(Work task) Report how many lines below contain the word "Align", giving the number and no other words.

(Material for this task)
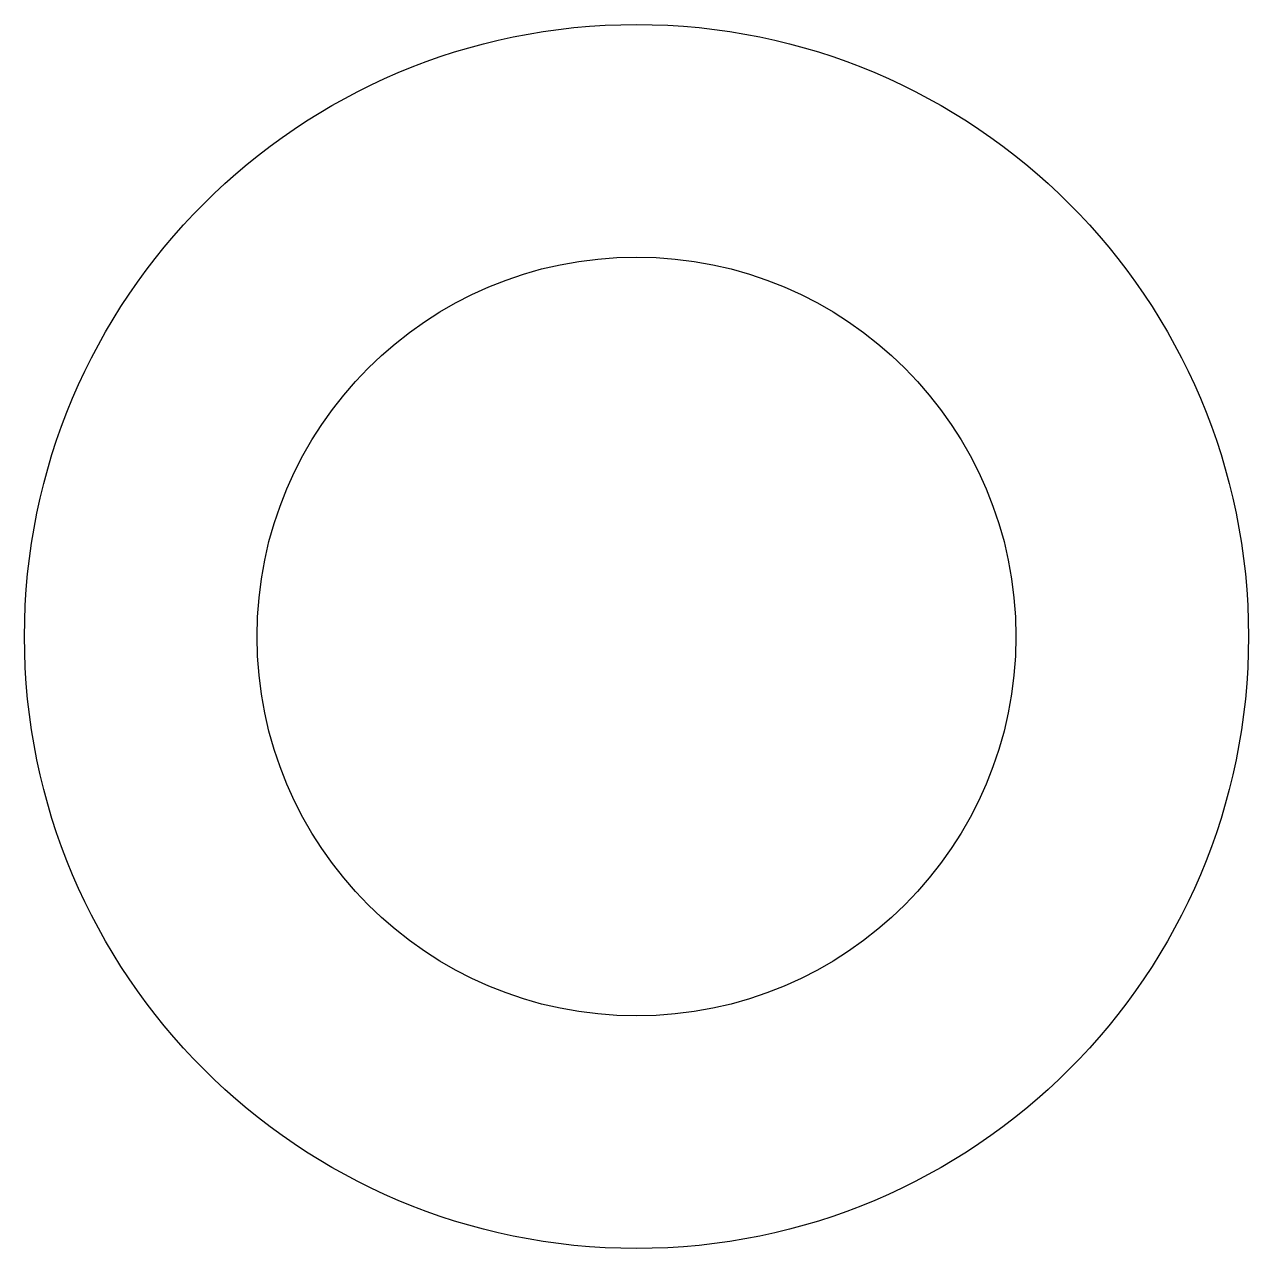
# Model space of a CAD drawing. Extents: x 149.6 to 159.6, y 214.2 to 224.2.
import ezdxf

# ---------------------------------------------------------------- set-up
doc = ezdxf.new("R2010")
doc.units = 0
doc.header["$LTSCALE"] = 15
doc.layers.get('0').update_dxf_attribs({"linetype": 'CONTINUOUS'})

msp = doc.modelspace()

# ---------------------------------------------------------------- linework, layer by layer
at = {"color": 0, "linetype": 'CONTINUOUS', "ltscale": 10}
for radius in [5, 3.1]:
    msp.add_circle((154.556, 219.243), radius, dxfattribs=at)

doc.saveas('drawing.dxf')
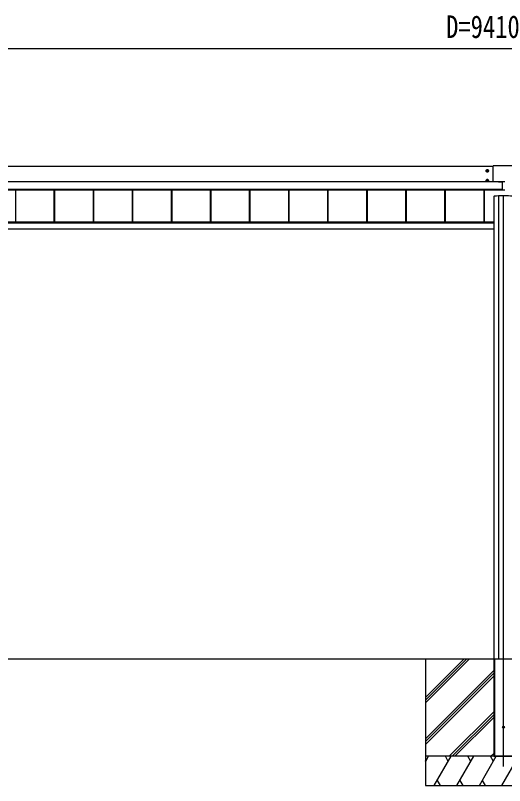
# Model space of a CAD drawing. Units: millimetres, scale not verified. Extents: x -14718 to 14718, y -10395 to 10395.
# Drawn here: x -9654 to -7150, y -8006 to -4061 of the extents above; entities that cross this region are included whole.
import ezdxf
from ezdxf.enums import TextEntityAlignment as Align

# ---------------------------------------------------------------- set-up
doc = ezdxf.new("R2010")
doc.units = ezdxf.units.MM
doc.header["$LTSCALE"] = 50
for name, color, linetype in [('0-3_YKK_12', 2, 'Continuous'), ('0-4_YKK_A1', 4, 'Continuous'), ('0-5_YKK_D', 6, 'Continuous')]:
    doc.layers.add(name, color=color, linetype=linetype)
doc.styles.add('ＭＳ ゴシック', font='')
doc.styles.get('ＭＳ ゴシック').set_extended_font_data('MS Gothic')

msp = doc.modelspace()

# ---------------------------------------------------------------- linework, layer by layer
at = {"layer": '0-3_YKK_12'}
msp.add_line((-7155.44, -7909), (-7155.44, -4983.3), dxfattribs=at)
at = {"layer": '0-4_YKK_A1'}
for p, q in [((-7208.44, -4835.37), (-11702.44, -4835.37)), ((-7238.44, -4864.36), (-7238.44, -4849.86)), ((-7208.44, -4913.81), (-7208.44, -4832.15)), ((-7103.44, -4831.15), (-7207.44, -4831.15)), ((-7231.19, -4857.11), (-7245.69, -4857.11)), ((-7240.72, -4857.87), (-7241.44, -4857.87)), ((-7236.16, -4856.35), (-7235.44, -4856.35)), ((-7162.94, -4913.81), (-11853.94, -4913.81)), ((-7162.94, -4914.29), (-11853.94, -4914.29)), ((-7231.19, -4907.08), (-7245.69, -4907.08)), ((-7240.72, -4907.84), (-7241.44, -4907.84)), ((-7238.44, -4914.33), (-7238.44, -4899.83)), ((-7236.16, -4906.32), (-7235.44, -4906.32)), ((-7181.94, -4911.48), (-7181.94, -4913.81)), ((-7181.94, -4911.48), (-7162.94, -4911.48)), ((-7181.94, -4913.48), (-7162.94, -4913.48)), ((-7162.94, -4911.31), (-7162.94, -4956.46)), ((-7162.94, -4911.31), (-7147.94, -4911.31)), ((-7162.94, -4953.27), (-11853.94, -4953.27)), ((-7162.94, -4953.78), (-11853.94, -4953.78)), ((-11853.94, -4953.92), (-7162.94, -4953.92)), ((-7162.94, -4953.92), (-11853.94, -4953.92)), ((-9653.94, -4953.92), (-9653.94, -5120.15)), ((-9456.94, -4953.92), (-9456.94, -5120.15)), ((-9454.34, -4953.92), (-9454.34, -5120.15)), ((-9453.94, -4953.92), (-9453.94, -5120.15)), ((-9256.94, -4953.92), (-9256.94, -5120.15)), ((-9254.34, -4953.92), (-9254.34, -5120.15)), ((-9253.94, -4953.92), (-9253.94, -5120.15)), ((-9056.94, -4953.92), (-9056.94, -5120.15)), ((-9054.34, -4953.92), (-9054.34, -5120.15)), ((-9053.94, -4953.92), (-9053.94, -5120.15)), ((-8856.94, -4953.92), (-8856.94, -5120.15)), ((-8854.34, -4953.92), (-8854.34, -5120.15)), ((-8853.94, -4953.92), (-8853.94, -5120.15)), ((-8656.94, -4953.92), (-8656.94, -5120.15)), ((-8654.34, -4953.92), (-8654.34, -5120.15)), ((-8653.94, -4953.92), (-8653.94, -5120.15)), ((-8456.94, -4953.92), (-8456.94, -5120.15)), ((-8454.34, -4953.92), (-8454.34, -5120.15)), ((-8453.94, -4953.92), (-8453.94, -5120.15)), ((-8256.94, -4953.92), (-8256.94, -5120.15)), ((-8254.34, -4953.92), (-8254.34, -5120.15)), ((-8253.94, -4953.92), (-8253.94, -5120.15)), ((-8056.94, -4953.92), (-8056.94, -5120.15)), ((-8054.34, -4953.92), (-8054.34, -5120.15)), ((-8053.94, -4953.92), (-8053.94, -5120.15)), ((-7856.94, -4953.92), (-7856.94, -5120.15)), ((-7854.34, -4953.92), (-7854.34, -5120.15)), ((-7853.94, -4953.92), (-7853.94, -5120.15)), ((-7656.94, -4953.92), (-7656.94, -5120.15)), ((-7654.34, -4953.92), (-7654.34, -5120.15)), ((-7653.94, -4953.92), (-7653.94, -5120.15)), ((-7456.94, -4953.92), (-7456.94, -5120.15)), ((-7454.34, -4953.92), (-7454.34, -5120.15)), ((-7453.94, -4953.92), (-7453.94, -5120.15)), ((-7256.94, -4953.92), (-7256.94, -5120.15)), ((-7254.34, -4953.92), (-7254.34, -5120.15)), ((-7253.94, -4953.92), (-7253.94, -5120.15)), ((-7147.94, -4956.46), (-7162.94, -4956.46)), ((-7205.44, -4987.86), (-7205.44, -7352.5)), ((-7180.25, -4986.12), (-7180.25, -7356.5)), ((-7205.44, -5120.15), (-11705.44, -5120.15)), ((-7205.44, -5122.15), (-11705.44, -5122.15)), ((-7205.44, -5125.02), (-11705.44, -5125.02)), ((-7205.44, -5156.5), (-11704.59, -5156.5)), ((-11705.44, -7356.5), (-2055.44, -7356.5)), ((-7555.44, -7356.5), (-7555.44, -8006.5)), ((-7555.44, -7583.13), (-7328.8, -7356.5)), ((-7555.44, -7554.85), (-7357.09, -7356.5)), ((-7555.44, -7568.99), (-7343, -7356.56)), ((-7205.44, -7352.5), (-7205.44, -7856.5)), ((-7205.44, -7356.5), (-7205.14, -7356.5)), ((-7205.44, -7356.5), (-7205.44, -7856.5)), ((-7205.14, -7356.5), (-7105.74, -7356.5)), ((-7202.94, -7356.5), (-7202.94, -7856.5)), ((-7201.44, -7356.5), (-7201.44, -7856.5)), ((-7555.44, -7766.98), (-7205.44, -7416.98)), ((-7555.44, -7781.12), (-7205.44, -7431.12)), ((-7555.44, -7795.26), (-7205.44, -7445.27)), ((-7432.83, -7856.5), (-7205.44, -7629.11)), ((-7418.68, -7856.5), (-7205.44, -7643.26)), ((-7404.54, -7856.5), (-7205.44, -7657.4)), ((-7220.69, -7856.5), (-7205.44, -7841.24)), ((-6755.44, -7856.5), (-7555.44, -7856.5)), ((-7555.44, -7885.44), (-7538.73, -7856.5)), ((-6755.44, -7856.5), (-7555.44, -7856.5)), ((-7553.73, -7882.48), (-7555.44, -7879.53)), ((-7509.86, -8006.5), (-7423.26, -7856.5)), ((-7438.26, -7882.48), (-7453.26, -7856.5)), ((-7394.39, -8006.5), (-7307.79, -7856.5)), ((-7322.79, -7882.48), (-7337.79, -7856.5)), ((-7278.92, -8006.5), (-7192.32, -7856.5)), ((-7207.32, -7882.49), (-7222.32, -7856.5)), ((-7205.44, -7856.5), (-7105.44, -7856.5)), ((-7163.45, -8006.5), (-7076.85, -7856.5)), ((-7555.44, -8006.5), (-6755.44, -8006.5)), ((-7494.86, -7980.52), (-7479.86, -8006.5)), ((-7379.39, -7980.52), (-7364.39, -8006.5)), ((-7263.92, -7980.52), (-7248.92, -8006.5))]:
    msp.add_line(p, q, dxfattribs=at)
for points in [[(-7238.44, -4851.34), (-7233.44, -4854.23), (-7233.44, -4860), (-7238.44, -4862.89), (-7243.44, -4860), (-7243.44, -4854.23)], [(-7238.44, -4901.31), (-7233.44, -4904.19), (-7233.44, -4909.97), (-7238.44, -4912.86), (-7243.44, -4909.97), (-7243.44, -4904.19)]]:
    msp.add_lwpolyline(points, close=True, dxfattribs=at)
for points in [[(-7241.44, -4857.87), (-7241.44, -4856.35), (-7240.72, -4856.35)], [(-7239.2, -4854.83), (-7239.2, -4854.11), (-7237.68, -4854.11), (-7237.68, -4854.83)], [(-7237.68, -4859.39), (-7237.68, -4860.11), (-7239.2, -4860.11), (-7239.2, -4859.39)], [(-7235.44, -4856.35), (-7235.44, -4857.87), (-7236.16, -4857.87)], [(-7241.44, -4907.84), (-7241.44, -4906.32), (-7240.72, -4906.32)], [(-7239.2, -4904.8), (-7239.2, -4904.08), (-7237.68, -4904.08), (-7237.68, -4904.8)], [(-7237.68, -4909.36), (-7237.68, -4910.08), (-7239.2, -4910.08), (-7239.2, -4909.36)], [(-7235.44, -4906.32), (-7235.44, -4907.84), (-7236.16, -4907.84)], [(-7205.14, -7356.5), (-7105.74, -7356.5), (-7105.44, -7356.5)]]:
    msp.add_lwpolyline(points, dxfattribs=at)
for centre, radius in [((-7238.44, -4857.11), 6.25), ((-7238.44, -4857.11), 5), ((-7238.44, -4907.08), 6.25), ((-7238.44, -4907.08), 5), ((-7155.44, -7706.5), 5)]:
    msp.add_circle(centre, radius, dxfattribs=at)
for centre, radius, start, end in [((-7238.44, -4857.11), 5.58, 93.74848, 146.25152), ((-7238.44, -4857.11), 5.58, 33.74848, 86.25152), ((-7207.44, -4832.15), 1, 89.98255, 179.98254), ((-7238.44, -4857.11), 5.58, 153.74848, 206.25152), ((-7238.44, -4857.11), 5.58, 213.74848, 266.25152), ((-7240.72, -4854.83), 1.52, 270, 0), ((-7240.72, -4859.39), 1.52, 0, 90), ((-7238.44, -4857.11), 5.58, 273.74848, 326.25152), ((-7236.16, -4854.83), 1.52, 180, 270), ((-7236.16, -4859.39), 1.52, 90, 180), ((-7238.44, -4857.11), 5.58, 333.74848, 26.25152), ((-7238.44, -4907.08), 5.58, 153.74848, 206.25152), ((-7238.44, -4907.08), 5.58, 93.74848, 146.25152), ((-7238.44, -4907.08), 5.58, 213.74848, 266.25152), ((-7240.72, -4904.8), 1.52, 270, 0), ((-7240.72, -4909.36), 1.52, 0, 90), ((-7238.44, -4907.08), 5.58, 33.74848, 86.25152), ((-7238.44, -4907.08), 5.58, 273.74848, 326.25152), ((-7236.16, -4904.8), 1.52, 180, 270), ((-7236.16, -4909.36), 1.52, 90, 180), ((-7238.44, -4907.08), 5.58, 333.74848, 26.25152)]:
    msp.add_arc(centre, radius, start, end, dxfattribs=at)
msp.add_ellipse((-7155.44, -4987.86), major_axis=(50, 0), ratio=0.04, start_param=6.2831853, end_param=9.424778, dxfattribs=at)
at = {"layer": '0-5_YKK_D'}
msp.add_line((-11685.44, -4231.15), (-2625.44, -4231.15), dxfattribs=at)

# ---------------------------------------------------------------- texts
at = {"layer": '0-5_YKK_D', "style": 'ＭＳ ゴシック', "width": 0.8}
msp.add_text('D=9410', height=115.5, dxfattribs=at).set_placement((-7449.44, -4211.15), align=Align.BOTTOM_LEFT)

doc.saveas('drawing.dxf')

(Exercise output) 2